Scan the entries for the word "insert" and return every line that has it.

Records excerpted from a collection
* * *

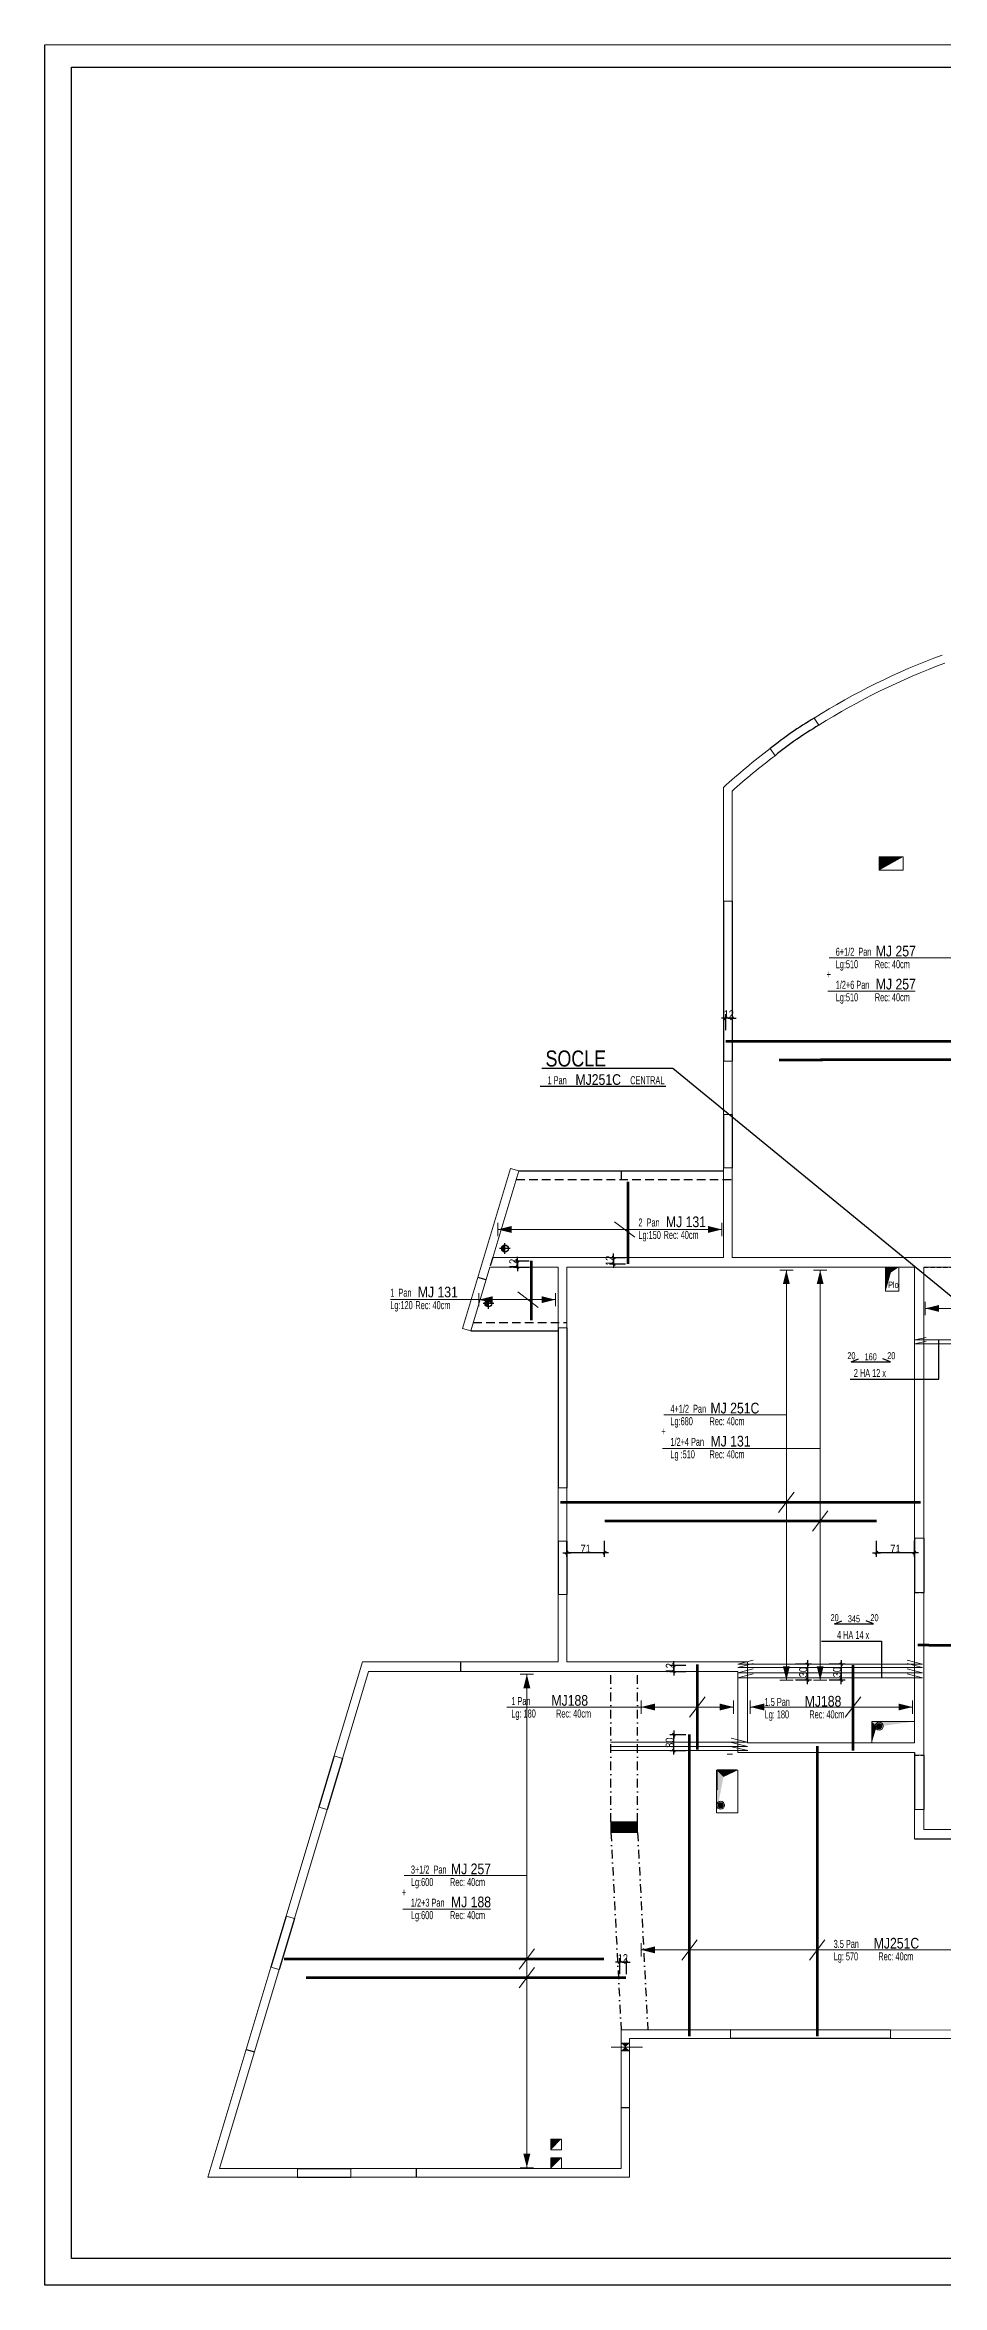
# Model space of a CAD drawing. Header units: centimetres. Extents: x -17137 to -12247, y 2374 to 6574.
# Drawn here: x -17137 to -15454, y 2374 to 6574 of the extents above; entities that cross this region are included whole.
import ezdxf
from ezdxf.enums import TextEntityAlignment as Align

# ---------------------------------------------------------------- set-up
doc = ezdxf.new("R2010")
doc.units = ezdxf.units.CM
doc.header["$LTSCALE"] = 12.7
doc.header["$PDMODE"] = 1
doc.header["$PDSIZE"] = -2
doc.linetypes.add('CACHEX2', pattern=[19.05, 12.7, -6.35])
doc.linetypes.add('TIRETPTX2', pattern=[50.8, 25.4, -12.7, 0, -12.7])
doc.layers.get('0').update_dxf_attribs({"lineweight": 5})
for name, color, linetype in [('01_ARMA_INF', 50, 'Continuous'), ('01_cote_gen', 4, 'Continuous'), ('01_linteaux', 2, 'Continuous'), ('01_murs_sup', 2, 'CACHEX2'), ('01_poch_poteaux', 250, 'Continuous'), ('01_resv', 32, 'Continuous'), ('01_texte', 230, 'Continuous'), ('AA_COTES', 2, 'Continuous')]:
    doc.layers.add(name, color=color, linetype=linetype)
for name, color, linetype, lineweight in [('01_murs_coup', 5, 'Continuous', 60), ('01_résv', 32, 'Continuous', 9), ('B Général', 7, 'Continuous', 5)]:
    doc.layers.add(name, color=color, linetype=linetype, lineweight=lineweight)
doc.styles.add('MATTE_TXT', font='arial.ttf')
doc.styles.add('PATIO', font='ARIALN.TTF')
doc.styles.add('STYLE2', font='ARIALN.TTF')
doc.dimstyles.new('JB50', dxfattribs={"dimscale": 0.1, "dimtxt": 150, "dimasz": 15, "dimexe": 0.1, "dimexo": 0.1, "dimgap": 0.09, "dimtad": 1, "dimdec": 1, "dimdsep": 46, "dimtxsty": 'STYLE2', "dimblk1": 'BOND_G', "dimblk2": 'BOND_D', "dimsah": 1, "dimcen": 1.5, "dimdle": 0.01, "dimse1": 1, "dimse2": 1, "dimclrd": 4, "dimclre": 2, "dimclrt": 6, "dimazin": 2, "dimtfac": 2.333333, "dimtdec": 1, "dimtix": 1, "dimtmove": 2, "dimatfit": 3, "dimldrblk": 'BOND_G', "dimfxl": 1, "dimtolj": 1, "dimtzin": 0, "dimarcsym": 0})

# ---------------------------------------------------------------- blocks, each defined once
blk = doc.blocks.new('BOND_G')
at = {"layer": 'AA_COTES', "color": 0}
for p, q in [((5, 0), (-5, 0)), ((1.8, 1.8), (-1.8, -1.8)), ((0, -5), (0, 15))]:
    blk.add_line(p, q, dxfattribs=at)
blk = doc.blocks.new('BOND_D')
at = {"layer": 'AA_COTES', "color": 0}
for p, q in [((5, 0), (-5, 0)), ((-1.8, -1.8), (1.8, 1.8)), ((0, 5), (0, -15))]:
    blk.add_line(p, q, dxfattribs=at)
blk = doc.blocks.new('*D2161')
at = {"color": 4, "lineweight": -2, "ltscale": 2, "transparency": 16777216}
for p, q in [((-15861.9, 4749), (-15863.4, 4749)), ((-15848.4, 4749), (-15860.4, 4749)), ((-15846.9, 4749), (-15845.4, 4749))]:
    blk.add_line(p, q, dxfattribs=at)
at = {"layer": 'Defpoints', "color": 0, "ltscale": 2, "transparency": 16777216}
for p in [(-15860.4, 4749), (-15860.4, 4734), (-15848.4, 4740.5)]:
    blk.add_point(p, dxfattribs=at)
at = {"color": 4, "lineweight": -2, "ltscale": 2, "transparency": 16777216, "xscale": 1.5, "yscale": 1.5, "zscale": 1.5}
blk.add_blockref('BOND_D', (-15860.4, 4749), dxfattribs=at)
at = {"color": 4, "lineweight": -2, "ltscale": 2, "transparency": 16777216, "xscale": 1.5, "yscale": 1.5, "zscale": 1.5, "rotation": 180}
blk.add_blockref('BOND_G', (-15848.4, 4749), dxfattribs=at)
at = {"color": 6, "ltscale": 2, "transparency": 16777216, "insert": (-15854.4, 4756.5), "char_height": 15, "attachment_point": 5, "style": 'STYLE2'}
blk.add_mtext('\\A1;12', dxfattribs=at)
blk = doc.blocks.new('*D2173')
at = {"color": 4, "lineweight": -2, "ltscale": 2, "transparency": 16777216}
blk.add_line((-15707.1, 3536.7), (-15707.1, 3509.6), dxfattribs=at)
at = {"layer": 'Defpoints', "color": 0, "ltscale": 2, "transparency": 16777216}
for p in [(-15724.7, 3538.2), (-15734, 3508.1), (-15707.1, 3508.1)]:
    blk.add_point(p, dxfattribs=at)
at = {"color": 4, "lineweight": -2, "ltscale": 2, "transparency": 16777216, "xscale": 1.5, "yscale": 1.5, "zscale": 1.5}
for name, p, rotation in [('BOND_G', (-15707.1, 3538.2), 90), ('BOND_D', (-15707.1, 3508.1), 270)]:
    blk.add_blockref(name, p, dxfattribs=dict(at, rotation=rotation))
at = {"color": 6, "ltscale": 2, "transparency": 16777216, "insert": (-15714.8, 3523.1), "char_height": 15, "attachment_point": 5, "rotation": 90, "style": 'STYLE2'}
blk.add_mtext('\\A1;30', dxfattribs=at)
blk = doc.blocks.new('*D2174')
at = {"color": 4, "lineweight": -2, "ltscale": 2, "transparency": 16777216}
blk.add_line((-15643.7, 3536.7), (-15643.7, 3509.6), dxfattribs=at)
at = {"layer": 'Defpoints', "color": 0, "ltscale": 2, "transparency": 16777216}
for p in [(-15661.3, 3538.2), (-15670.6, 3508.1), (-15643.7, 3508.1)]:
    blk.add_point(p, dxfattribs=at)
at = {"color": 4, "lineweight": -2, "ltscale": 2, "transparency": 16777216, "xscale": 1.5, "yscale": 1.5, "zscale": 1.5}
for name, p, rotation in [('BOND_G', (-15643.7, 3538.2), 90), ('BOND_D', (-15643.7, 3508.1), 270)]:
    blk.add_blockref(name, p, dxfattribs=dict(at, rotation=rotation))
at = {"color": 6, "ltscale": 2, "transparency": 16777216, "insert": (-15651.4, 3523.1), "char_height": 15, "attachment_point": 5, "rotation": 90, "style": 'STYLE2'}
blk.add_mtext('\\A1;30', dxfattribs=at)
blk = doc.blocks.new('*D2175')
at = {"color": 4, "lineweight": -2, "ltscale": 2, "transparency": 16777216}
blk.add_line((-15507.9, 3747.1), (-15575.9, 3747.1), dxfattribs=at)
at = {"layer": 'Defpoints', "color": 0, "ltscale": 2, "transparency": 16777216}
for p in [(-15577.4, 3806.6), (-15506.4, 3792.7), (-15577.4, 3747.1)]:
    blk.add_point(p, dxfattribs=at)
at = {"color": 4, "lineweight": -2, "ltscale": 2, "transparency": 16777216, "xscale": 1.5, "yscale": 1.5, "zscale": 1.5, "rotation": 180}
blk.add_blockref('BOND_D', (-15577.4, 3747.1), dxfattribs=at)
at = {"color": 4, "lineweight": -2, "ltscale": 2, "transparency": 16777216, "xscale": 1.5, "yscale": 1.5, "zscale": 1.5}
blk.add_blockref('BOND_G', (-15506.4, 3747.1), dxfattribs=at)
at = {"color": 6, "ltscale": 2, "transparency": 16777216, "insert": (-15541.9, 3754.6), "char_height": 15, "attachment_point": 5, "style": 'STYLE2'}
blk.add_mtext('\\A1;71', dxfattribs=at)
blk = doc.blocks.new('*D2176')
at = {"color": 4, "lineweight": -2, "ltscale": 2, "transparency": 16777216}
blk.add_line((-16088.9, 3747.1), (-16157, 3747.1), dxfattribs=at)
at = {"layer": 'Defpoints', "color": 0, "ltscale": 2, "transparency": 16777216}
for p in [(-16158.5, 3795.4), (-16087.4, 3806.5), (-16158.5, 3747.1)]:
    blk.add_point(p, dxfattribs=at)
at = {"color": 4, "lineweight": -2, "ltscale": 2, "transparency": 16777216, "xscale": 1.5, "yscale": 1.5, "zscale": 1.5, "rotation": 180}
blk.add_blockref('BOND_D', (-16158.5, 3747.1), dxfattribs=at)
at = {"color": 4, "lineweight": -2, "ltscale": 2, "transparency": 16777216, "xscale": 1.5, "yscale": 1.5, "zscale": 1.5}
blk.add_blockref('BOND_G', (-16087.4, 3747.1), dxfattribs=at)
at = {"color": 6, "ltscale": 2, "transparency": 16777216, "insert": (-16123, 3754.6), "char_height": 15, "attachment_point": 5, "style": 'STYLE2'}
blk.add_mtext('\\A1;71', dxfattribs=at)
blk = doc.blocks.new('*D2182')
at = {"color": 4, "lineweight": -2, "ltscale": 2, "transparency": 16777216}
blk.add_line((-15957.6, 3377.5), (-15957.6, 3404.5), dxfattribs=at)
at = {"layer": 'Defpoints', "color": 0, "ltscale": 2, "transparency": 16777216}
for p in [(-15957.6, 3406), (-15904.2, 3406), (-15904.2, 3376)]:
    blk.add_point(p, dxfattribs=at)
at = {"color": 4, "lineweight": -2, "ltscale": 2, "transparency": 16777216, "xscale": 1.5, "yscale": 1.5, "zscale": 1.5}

* * *

Exercise answer |
at = {"color": 6, "ltscale": 2, "transparency": 16777216, "insert": (-15854.4, 4756.5), "char_height": 15, "attachment_point": 5, "style": 'STYLE2'}
at = {"color": 6, "ltscale": 2, "transparency": 16777216, "insert": (-15714.8, 3523.1), "char_height": 15, "attachment_point": 5, "rotation": 90, "style": 'STYLE2'}
at = {"color": 6, "ltscale": 2, "transparency": 16777216, "insert": (-15651.4, 3523.1), "char_height": 15, "attachment_point": 5, "rotation": 90, "style": 'STYLE2'}
at = {"color": 6, "ltscale": 2, "transparency": 16777216, "insert": (-15541.9, 3754.6), "char_height": 15, "attachment_point": 5, "style": 'STYLE2'}
at = {"color": 6, "ltscale": 2, "transparency": 16777216, "insert": (-16123, 3754.6), "char_height": 15, "attachment_point": 5, "style": 'STYLE2'}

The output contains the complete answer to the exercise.